• **Problem description**
Reproduce each line of the material exactly, minus any picture.

• **The data**

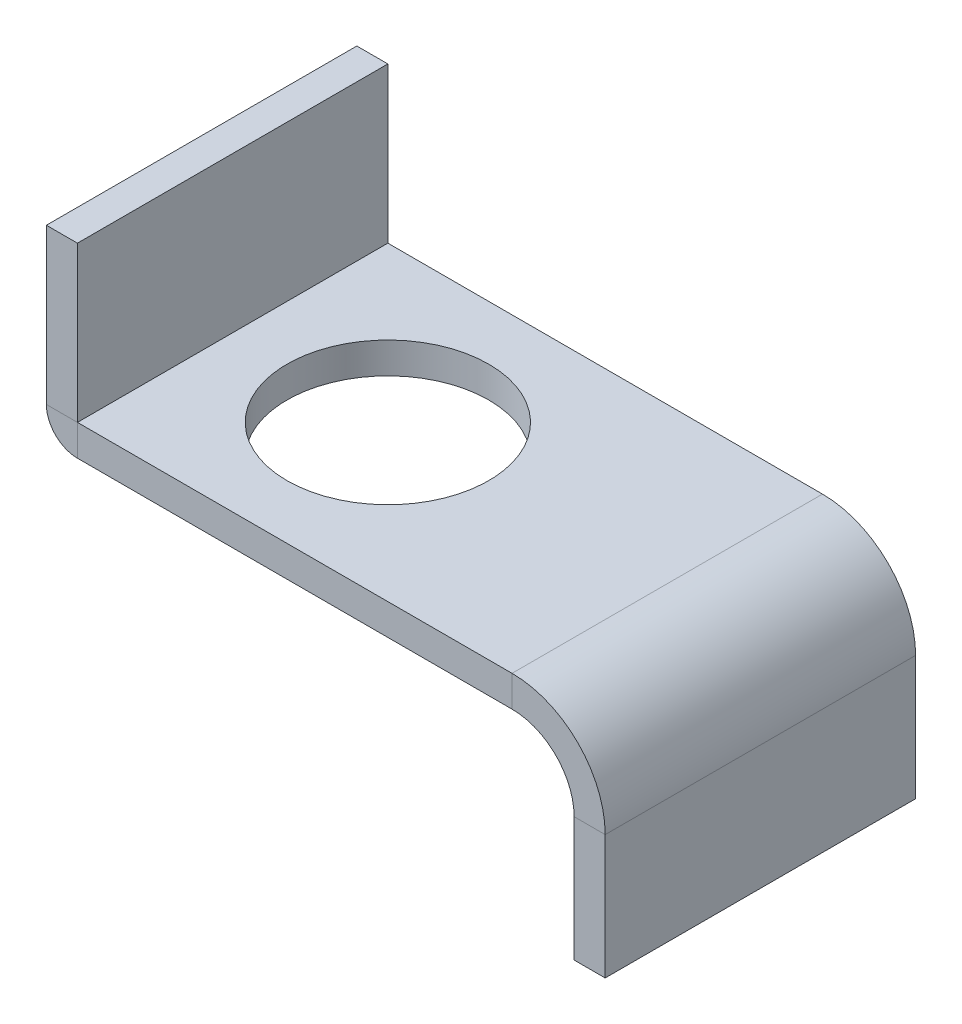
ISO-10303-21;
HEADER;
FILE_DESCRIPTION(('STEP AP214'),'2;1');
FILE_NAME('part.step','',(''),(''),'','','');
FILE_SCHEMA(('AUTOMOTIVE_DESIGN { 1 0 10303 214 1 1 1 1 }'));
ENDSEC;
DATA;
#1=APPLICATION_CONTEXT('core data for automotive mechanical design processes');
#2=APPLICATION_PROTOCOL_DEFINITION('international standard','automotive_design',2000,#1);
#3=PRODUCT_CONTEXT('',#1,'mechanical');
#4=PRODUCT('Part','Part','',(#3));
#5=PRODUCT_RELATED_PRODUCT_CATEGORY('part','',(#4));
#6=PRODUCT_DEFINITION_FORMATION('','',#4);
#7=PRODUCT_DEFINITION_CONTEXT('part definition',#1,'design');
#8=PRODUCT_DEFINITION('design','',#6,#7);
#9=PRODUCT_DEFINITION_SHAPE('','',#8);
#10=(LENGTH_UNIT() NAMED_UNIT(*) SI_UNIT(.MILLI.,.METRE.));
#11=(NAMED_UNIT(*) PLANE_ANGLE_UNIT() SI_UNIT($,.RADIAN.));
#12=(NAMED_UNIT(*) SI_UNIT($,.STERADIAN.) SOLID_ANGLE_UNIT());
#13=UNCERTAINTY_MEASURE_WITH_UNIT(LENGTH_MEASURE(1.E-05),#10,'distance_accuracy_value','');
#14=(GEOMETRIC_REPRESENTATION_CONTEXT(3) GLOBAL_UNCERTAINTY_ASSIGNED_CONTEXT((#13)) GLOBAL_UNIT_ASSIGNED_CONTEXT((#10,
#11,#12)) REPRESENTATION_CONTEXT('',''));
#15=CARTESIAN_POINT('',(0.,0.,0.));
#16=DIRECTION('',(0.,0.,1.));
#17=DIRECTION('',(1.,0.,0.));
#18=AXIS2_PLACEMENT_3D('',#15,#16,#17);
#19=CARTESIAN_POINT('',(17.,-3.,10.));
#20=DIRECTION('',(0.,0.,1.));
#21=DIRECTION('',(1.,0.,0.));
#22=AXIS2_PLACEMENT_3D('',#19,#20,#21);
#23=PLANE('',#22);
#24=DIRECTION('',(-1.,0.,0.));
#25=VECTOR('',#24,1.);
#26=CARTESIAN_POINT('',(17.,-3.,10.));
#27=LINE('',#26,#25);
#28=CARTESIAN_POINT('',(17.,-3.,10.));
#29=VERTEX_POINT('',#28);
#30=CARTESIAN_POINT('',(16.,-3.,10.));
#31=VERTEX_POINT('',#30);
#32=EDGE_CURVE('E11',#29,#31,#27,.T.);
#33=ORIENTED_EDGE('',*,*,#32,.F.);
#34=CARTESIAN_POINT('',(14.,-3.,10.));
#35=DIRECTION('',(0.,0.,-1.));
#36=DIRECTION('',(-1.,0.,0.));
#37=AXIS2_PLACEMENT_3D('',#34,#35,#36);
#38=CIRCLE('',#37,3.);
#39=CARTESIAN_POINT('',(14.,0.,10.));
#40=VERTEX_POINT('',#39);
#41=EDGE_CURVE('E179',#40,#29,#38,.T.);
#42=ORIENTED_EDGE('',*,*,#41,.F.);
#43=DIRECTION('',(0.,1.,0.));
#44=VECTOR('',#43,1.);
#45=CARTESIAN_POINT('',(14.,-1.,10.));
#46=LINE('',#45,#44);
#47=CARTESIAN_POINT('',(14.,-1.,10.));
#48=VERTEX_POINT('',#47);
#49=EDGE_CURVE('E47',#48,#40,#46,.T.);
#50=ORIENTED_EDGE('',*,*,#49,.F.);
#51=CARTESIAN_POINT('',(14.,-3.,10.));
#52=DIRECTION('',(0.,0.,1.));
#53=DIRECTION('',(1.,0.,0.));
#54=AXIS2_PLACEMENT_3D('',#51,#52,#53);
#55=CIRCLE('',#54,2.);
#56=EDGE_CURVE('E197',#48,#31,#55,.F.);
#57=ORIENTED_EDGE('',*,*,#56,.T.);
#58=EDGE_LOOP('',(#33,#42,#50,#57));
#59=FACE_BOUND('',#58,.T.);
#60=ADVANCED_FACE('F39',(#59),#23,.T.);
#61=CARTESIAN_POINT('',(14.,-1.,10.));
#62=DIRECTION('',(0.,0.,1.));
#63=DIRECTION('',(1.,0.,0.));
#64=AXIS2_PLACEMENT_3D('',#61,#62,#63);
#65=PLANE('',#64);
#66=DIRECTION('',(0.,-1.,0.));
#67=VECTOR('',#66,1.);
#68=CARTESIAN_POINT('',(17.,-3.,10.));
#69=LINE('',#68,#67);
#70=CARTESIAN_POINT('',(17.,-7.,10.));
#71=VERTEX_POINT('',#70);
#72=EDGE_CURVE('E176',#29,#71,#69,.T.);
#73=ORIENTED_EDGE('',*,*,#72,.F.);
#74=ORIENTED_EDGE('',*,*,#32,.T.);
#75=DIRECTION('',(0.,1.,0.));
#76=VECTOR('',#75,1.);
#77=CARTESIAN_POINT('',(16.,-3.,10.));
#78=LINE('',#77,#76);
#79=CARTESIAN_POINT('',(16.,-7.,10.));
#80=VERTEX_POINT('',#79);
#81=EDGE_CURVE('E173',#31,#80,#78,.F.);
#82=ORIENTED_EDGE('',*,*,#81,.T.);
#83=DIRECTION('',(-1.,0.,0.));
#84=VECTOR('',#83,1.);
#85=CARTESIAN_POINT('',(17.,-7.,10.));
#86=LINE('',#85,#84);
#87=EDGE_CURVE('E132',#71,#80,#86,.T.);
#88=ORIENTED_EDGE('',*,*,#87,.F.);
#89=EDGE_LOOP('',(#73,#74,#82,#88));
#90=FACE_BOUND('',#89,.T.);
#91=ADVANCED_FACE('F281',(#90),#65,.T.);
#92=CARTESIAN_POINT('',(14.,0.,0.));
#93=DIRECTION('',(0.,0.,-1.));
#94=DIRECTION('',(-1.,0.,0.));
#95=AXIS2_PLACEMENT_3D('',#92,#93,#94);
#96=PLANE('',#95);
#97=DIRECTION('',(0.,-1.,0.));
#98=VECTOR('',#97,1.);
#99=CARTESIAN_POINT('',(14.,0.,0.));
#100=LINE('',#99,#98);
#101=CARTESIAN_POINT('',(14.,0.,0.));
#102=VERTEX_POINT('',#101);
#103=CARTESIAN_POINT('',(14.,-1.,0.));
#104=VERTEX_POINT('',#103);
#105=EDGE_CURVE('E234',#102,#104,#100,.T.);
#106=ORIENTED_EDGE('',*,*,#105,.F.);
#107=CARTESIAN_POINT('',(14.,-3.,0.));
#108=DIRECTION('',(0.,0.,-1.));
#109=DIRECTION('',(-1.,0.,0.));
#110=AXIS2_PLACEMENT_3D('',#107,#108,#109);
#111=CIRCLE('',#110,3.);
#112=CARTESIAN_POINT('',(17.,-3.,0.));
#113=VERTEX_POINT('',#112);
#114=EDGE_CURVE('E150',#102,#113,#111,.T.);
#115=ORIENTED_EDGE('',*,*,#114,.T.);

• **Exercise solution**
ISO-10303-21;
HEADER;
FILE_DESCRIPTION(('STEP AP214'),'2;1');
FILE_NAME('part.step','',(''),(''),'','','');
FILE_SCHEMA(('AUTOMOTIVE_DESIGN { 1 0 10303 214 1 1 1 1 }'));
ENDSEC;
DATA;
#1=APPLICATION_CONTEXT('core data for automotive mechanical design processes');
#2=APPLICATION_PROTOCOL_DEFINITION('international standard','automotive_design',2000,#1);
#3=PRODUCT_CONTEXT('',#1,'mechanical');
#4=PRODUCT('Part','Part','',(#3));
#5=PRODUCT_RELATED_PRODUCT_CATEGORY('part','',(#4));
#6=PRODUCT_DEFINITION_FORMATION('','',#4);
#7=PRODUCT_DEFINITION_CONTEXT('part definition',#1,'design');
#8=PRODUCT_DEFINITION('design','',#6,#7);
#9=PRODUCT_DEFINITION_SHAPE('','',#8);
#10=(LENGTH_UNIT() NAMED_UNIT(*) SI_UNIT(.MILLI.,.METRE.));
#11=(NAMED_UNIT(*) PLANE_ANGLE_UNIT() SI_UNIT($,.RADIAN.));
#12=(NAMED_UNIT(*) SI_UNIT($,.STERADIAN.) SOLID_ANGLE_UNIT());
#13=UNCERTAINTY_MEASURE_WITH_UNIT(LENGTH_MEASURE(1.E-05),#10,'distance_accuracy_value','');
#14=(GEOMETRIC_REPRESENTATION_CONTEXT(3) GLOBAL_UNCERTAINTY_ASSIGNED_CONTEXT((#13)) GLOBAL_UNIT_ASSIGNED_CONTEXT((#10,
#11,#12)) REPRESENTATION_CONTEXT('',''));
#15=CARTESIAN_POINT('',(0.,0.,0.));
#16=DIRECTION('',(0.,0.,1.));
#17=DIRECTION('',(1.,0.,0.));
#18=AXIS2_PLACEMENT_3D('',#15,#16,#17);
#19=CARTESIAN_POINT('',(17.,-3.,10.));
#20=DIRECTION('',(0.,0.,1.));
#21=DIRECTION('',(1.,0.,0.));
#22=AXIS2_PLACEMENT_3D('',#19,#20,#21);
#23=PLANE('',#22);
#24=DIRECTION('',(-1.,0.,0.));
#25=VECTOR('',#24,1.);
#26=CARTESIAN_POINT('',(17.,-3.,10.));
#27=LINE('',#26,#25);
#28=CARTESIAN_POINT('',(17.,-3.,10.));
#29=VERTEX_POINT('',#28);
#30=CARTESIAN_POINT('',(16.,-3.,10.));
#31=VERTEX_POINT('',#30);
#32=EDGE_CURVE('E11',#29,#31,#27,.T.);
#33=ORIENTED_EDGE('',*,*,#32,.F.);
#34=CARTESIAN_POINT('',(14.,-3.,10.));
#35=DIRECTION('',(0.,0.,-1.));
#36=DIRECTION('',(-1.,0.,0.));
#37=AXIS2_PLACEMENT_3D('',#34,#35,#36);
#38=CIRCLE('',#37,3.);
#39=CARTESIAN_POINT('',(14.,0.,10.));
#40=VERTEX_POINT('',#39);
#41=EDGE_CURVE('E179',#40,#29,#38,.T.);
#42=ORIENTED_EDGE('',*,*,#41,.F.);
#43=DIRECTION('',(0.,1.,0.));
#44=VECTOR('',#43,1.);
#45=CARTESIAN_POINT('',(14.,-1.,10.));
#46=LINE('',#45,#44);
#47=CARTESIAN_POINT('',(14.,-1.,10.));
#48=VERTEX_POINT('',#47);
#49=EDGE_CURVE('E47',#48,#40,#46,.T.);
#50=ORIENTED_EDGE('',*,*,#49,.F.);
#51=CARTESIAN_POINT('',(14.,-3.,10.));
#52=DIRECTION('',(0.,0.,1.));
#53=DIRECTION('',(1.,0.,0.));
#54=AXIS2_PLACEMENT_3D('',#51,#52,#53);
#55=CIRCLE('',#54,2.);
#56=EDGE_CURVE('E197',#48,#31,#55,.F.);
#57=ORIENTED_EDGE('',*,*,#56,.T.);
#58=EDGE_LOOP('',(#33,#42,#50,#57));
#59=FACE_BOUND('',#58,.T.);
#60=ADVANCED_FACE('F39',(#59),#23,.T.);
#61=CARTESIAN_POINT('',(14.,-1.,10.));
#62=DIRECTION('',(0.,0.,1.));
#63=DIRECTION('',(1.,0.,0.));
#64=AXIS2_PLACEMENT_3D('',#61,#62,#63);
#65=PLANE('',#64);
#66=DIRECTION('',(0.,-1.,0.));
#67=VECTOR('',#66,1.);
#68=CARTESIAN_POINT('',(17.,-3.,10.));
#69=LINE('',#68,#67);
#70=CARTESIAN_POINT('',(17.,-7.,10.));
#71=VERTEX_POINT('',#70);
#72=EDGE_CURVE('E176',#29,#71,#69,.T.);
#73=ORIENTED_EDGE('',*,*,#72,.F.);
#74=ORIENTED_EDGE('',*,*,#32,.T.);
#75=DIRECTION('',(0.,1.,0.));
#76=VECTOR('',#75,1.);
#77=CARTESIAN_POINT('',(16.,-3.,10.));
#78=LINE('',#77,#76);
#79=CARTESIAN_POINT('',(16.,-7.,10.));
#80=VERTEX_POINT('',#79);
#81=EDGE_CURVE('E173',#31,#80,#78,.F.);
#82=ORIENTED_EDGE('',*,*,#81,.T.);
#83=DIRECTION('',(-1.,0.,0.));
#84=VECTOR('',#83,1.);
#85=CARTESIAN_POINT('',(17.,-7.,10.));
#86=LINE('',#85,#84);
#87=EDGE_CURVE('E132',#71,#80,#86,.T.);
#88=ORIENTED_EDGE('',*,*,#87,.F.);
#89=EDGE_LOOP('',(#73,#74,#82,#88));
#90=FACE_BOUND('',#89,.T.);
#91=ADVANCED_FACE('F281',(#90),#65,.T.);
#92=CARTESIAN_POINT('',(14.,0.,0.));
#93=DIRECTION('',(0.,0.,-1.));
#94=DIRECTION('',(-1.,0.,0.));
#95=AXIS2_PLACEMENT_3D('',#92,#93,#94);
#96=PLANE('',#95);
#97=DIRECTION('',(0.,-1.,0.));
#98=VECTOR('',#97,1.);
#99=CARTESIAN_POINT('',(14.,0.,0.));
#100=LINE('',#99,#98);
#101=CARTESIAN_POINT('',(14.,0.,0.));
#102=VERTEX_POINT('',#101);
#103=CARTESIAN_POINT('',(14.,-1.,0.));
#104=VERTEX_POINT('',#103);
#105=EDGE_CURVE('E234',#102,#104,#100,.T.);
#106=ORIENTED_EDGE('',*,*,#105,.F.);
#107=CARTESIAN_POINT('',(14.,-3.,0.));
#108=DIRECTION('',(0.,0.,-1.));
#109=DIRECTION('',(-1.,0.,0.));
#110=AXIS2_PLACEMENT_3D('',#107,#108,#109);
#111=CIRCLE('',#110,3.);
#112=CARTESIAN_POINT('',(17.,-3.,0.));
#113=VERTEX_POINT('',#112);
#114=EDGE_CURVE('E150',#102,#113,#111,.T.);
#115=ORIENTED_EDGE('',*,*,#114,.T.);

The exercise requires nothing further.